:: Problem ::
What you return must be an exact copy of the lines in the listing below between the line holding "of L1.end L3.end" and the line holding "-5, 2) (0, -5, 0)", inclusive, and nothing more.

:: Exercise inputs ::
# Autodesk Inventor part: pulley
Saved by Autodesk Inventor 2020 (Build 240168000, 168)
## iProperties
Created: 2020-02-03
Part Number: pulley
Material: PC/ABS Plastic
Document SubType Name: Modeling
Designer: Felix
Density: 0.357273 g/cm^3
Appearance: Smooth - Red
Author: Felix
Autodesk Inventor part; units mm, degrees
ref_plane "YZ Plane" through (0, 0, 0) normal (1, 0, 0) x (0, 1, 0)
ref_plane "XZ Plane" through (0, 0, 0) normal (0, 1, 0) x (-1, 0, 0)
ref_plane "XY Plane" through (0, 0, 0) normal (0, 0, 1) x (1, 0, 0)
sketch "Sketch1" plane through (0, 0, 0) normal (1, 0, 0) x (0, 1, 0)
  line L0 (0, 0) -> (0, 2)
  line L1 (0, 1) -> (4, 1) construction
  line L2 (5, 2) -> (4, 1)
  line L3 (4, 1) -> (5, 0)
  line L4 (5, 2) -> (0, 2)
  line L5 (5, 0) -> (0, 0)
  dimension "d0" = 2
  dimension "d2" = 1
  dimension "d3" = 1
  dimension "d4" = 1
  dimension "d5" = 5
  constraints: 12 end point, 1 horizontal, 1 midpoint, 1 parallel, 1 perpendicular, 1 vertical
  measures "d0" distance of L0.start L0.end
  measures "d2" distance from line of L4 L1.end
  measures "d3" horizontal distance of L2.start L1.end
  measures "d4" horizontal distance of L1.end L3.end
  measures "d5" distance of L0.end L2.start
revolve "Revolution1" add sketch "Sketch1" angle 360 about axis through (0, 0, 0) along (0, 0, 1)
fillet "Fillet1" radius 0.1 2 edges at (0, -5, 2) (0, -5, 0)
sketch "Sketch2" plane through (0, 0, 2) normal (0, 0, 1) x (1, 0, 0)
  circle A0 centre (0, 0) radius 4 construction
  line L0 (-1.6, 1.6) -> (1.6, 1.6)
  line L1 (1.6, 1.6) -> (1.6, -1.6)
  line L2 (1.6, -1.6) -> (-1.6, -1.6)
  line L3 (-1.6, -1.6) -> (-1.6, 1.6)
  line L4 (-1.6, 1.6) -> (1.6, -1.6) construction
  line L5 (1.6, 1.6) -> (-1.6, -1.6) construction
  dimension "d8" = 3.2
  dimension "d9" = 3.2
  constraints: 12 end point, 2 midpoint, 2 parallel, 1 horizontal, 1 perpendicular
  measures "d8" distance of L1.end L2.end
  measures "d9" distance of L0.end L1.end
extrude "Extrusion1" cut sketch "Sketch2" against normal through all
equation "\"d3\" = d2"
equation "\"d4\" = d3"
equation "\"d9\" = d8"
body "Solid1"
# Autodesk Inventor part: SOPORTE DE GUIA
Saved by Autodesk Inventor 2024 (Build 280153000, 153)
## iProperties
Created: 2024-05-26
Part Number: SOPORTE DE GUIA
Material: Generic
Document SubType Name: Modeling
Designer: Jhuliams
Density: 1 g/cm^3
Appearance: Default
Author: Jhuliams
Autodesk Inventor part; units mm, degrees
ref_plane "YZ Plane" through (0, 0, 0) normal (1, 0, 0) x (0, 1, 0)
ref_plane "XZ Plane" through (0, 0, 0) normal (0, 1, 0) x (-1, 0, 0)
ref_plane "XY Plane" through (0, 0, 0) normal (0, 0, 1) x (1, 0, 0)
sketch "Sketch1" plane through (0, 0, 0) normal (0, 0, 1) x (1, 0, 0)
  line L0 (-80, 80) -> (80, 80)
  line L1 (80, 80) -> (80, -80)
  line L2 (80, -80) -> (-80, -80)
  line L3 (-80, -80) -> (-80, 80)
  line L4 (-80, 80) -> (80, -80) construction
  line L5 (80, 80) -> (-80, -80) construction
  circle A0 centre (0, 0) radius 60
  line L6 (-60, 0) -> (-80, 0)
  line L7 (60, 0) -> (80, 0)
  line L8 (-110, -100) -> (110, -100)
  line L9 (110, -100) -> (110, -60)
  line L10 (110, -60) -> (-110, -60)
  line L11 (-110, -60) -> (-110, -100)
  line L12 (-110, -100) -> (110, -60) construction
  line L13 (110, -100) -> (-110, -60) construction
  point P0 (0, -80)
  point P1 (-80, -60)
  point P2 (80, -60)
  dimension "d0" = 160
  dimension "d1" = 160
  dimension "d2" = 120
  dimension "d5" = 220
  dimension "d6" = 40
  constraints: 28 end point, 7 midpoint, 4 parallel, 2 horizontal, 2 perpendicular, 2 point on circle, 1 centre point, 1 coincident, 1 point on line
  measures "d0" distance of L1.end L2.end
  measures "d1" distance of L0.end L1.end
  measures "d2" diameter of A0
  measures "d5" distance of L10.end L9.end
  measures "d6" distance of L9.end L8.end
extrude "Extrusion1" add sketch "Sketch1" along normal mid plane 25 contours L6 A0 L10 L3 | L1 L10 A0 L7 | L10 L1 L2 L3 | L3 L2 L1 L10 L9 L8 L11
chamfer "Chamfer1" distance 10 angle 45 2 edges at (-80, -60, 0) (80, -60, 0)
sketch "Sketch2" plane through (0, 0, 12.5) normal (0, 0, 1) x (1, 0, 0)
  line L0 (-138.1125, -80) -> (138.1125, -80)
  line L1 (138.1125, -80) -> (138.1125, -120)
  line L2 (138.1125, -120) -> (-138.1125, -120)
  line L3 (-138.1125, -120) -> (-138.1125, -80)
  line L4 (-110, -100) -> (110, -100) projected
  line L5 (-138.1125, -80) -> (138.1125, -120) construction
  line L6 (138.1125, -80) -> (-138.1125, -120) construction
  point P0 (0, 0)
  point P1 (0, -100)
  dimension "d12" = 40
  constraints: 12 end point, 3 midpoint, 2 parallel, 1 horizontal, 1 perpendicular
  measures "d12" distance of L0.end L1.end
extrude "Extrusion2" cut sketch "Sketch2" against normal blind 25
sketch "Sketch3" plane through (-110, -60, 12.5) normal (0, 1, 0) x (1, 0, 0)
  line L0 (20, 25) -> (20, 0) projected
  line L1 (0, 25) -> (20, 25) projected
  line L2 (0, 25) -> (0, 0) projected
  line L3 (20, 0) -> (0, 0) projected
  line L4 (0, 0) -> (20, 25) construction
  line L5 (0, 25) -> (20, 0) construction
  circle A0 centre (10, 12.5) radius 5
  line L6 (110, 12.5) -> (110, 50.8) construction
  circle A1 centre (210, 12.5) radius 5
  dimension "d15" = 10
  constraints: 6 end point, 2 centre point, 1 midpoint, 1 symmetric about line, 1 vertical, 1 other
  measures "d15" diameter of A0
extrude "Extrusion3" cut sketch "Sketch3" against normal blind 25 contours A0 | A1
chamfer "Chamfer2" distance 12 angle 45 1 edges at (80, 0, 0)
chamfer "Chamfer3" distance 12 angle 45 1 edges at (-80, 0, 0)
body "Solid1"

:: Response to this task ::
  measures "d4" horizontal distance of L1.end L3.end
  measures "d5" distance of L0.end L2.start
revolve "Revolution1" add sketch "Sketch1" angle 360 about axis through (0, 0, 0) along (0, 0, 1)
fillet "Fillet1" radius 0.1 2 edges at (0, -5, 2) (0, -5, 0)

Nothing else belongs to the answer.